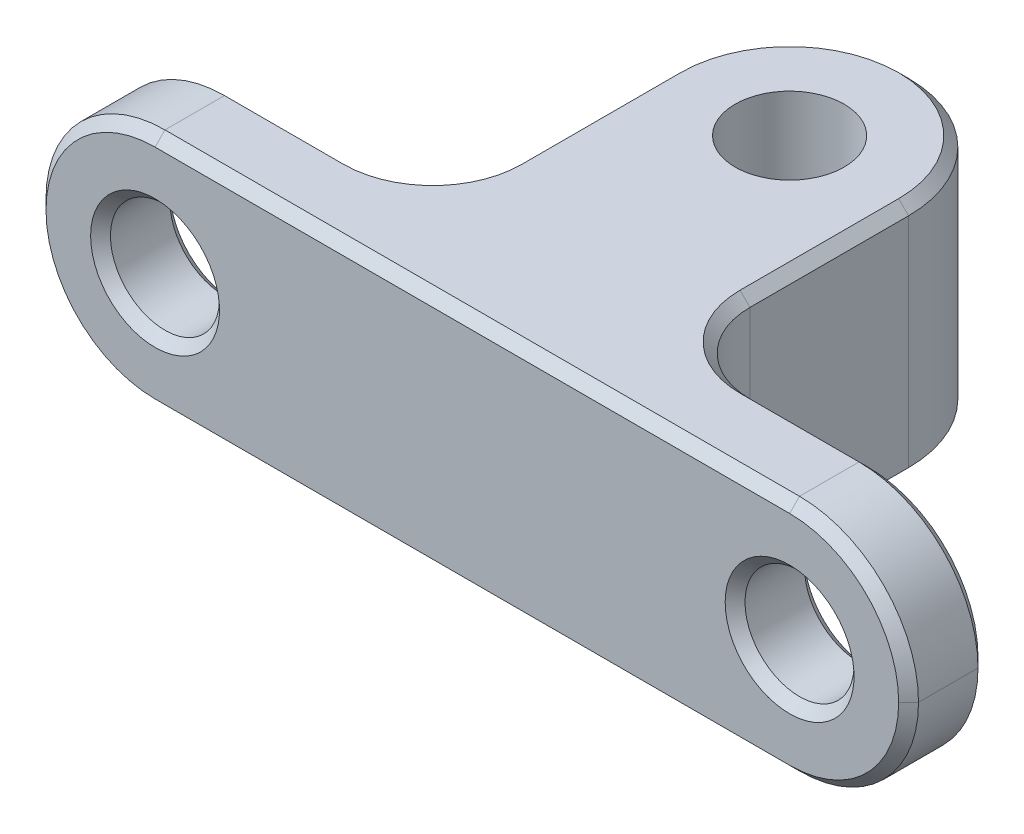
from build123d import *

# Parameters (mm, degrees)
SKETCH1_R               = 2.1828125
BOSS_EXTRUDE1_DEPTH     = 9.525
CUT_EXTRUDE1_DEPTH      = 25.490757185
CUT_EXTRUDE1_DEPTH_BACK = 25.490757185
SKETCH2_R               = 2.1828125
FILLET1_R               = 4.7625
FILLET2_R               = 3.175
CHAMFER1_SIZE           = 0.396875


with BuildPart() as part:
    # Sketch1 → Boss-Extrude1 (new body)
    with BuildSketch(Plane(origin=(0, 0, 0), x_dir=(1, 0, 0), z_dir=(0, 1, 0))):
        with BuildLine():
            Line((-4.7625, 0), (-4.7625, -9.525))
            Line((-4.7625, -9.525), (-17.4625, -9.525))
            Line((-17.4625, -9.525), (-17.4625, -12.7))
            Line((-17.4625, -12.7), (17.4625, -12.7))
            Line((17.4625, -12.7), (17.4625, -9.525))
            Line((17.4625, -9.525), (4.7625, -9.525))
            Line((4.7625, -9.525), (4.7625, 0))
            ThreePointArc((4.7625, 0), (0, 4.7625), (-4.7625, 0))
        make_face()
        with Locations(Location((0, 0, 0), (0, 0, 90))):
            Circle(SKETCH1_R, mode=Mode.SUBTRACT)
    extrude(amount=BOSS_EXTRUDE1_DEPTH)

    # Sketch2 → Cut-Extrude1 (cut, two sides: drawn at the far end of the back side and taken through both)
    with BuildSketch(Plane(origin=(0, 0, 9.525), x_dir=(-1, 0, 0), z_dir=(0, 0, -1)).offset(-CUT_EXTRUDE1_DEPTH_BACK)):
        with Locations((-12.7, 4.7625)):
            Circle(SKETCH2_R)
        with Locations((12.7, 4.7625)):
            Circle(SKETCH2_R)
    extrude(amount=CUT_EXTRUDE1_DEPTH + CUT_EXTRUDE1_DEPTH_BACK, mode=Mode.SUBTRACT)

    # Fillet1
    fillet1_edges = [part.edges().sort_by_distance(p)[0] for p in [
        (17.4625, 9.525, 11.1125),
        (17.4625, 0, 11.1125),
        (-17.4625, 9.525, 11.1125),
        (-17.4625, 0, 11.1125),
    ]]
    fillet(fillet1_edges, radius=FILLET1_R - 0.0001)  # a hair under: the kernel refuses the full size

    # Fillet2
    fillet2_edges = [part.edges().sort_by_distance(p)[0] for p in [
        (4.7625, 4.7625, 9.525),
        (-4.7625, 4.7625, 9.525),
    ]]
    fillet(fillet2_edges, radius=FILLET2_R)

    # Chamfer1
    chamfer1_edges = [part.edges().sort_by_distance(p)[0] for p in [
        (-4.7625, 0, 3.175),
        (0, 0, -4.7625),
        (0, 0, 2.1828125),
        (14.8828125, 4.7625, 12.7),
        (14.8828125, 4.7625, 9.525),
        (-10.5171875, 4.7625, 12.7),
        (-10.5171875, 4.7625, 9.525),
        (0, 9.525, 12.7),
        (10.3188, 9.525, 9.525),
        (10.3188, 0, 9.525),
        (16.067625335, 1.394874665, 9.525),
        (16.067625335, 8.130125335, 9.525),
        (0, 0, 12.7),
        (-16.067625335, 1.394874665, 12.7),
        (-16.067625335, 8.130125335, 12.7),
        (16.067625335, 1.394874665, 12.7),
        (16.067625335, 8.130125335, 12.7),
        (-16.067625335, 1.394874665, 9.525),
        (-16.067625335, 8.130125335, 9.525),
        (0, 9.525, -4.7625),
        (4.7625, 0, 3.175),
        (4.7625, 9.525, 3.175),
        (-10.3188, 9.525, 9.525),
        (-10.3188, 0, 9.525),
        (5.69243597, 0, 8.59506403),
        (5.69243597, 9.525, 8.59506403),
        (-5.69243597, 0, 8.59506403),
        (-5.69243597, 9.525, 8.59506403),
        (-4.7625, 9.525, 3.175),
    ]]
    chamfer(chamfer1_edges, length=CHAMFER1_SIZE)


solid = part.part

────────────────────

▶ _Brief_: Write out the records once more, word for word, though without the pictures they contain.

▶ _Answer space_:
from build123d import *

# Parameters (mm, degrees)
SKETCH1_R               = 2.1828125
BOSS_EXTRUDE1_DEPTH     = 9.525
CUT_EXTRUDE1_DEPTH      = 25.490757185
CUT_EXTRUDE1_DEPTH_BACK = 25.490757185
SKETCH2_R               = 2.1828125
FILLET1_R               = 4.7625
FILLET2_R               = 3.175
CHAMFER1_SIZE           = 0.396875


with BuildPart() as part:
    # Sketch1 → Boss-Extrude1 (new body)
    with BuildSketch(Plane(origin=(0, 0, 0), x_dir=(1, 0, 0), z_dir=(0, 1, 0))):
        with BuildLine():
            Line((-4.7625, 0), (-4.7625, -9.525))
            Line((-4.7625, -9.525), (-17.4625, -9.525))
            Line((-17.4625, -9.525), (-17.4625, -12.7))
            Line((-17.4625, -12.7), (17.4625, -12.7))
            Line((17.4625, -12.7), (17.4625, -9.525))
            Line((17.4625, -9.525), (4.7625, -9.525))
            Line((4.7625, -9.525), (4.7625, 0))
            ThreePointArc((4.7625, 0), (0, 4.7625), (-4.7625, 0))
        make_face()
        with Locations(Location((0, 0, 0), (0, 0, 90))):
            Circle(SKETCH1_R, mode=Mode.SUBTRACT)
    extrude(amount=BOSS_EXTRUDE1_DEPTH)

    # Sketch2 → Cut-Extrude1 (cut, two sides: drawn at the far end of the back side and taken through both)
    with BuildSketch(Plane(origin=(0, 0, 9.525), x_dir=(-1, 0, 0), z_dir=(0, 0, -1)).offset(-CUT_EXTRUDE1_DEPTH_BACK)):
        with Locations((-12.7, 4.7625)):
            Circle(SKETCH2_R)
        with Locations((12.7, 4.7625)):
            Circle(SKETCH2_R)
    extrude(amount=CUT_EXTRUDE1_DEPTH + CUT_EXTRUDE1_DEPTH_BACK, mode=Mode.SUBTRACT)

    # Fillet1
    fillet1_edges = [part.edges().sort_by_distance(p)[0] for p in [
        (17.4625, 9.525, 11.1125),
        (17.4625, 0, 11.1125),
        (-17.4625, 9.525, 11.1125),
        (-17.4625, 0, 11.1125),
    ]]
    fillet(fillet1_edges, radius=FILLET1_R - 0.0001)  # a hair under: the kernel refuses the full size

    # Fillet2
    fillet2_edges = [part.edges().sort_by_distance(p)[0] for p in [
        (4.7625, 4.7625, 9.525),
        (-4.7625, 4.7625, 9.525),
    ]]
    fillet(fillet2_edges, radius=FILLET2_R)

    # Chamfer1
    chamfer1_edges = [part.edges().sort_by_distance(p)[0] for p in [
        (-4.7625, 0, 3.175),
        (0, 0, -4.7625),
        (0, 0, 2.1828125),
        (14.8828125, 4.7625, 12.7),
        (14.8828125, 4.7625, 9.525),
        (-10.5171875, 4.7625, 12.7),
        (-10.5171875, 4.7625, 9.525),
        (0, 9.525, 12.7),
        (10.3188, 9.525, 9.525),
        (10.3188, 0, 9.525),
        (16.067625335, 1.394874665, 9.525),
        (16.067625335, 8.130125335, 9.525),
        (0, 0, 12.7),
        (-16.067625335, 1.394874665, 12.7),
        (-16.067625335, 8.130125335, 12.7),
        (16.067625335, 1.394874665, 12.7),
        (16.067625335, 8.130125335, 12.7),
        (-16.067625335, 1.394874665, 9.525),
        (-16.067625335, 8.130125335, 9.525),
        (0, 9.525, -4.7625),
        (4.7625, 0, 3.175),
        (4.7625, 9.525, 3.175),
        (-10.3188, 9.525, 9.525),
        (-10.3188, 0, 9.525),
        (5.69243597, 0, 8.59506403),
        (5.69243597, 9.525, 8.59506403),
        (-5.69243597, 0, 8.59506403),
        (-5.69243597, 9.525, 8.59506403),
        (-4.7625, 9.525, 3.175),
    ]]
    chamfer(chamfer1_edges, length=CHAMFER1_SIZE)


solid = part.part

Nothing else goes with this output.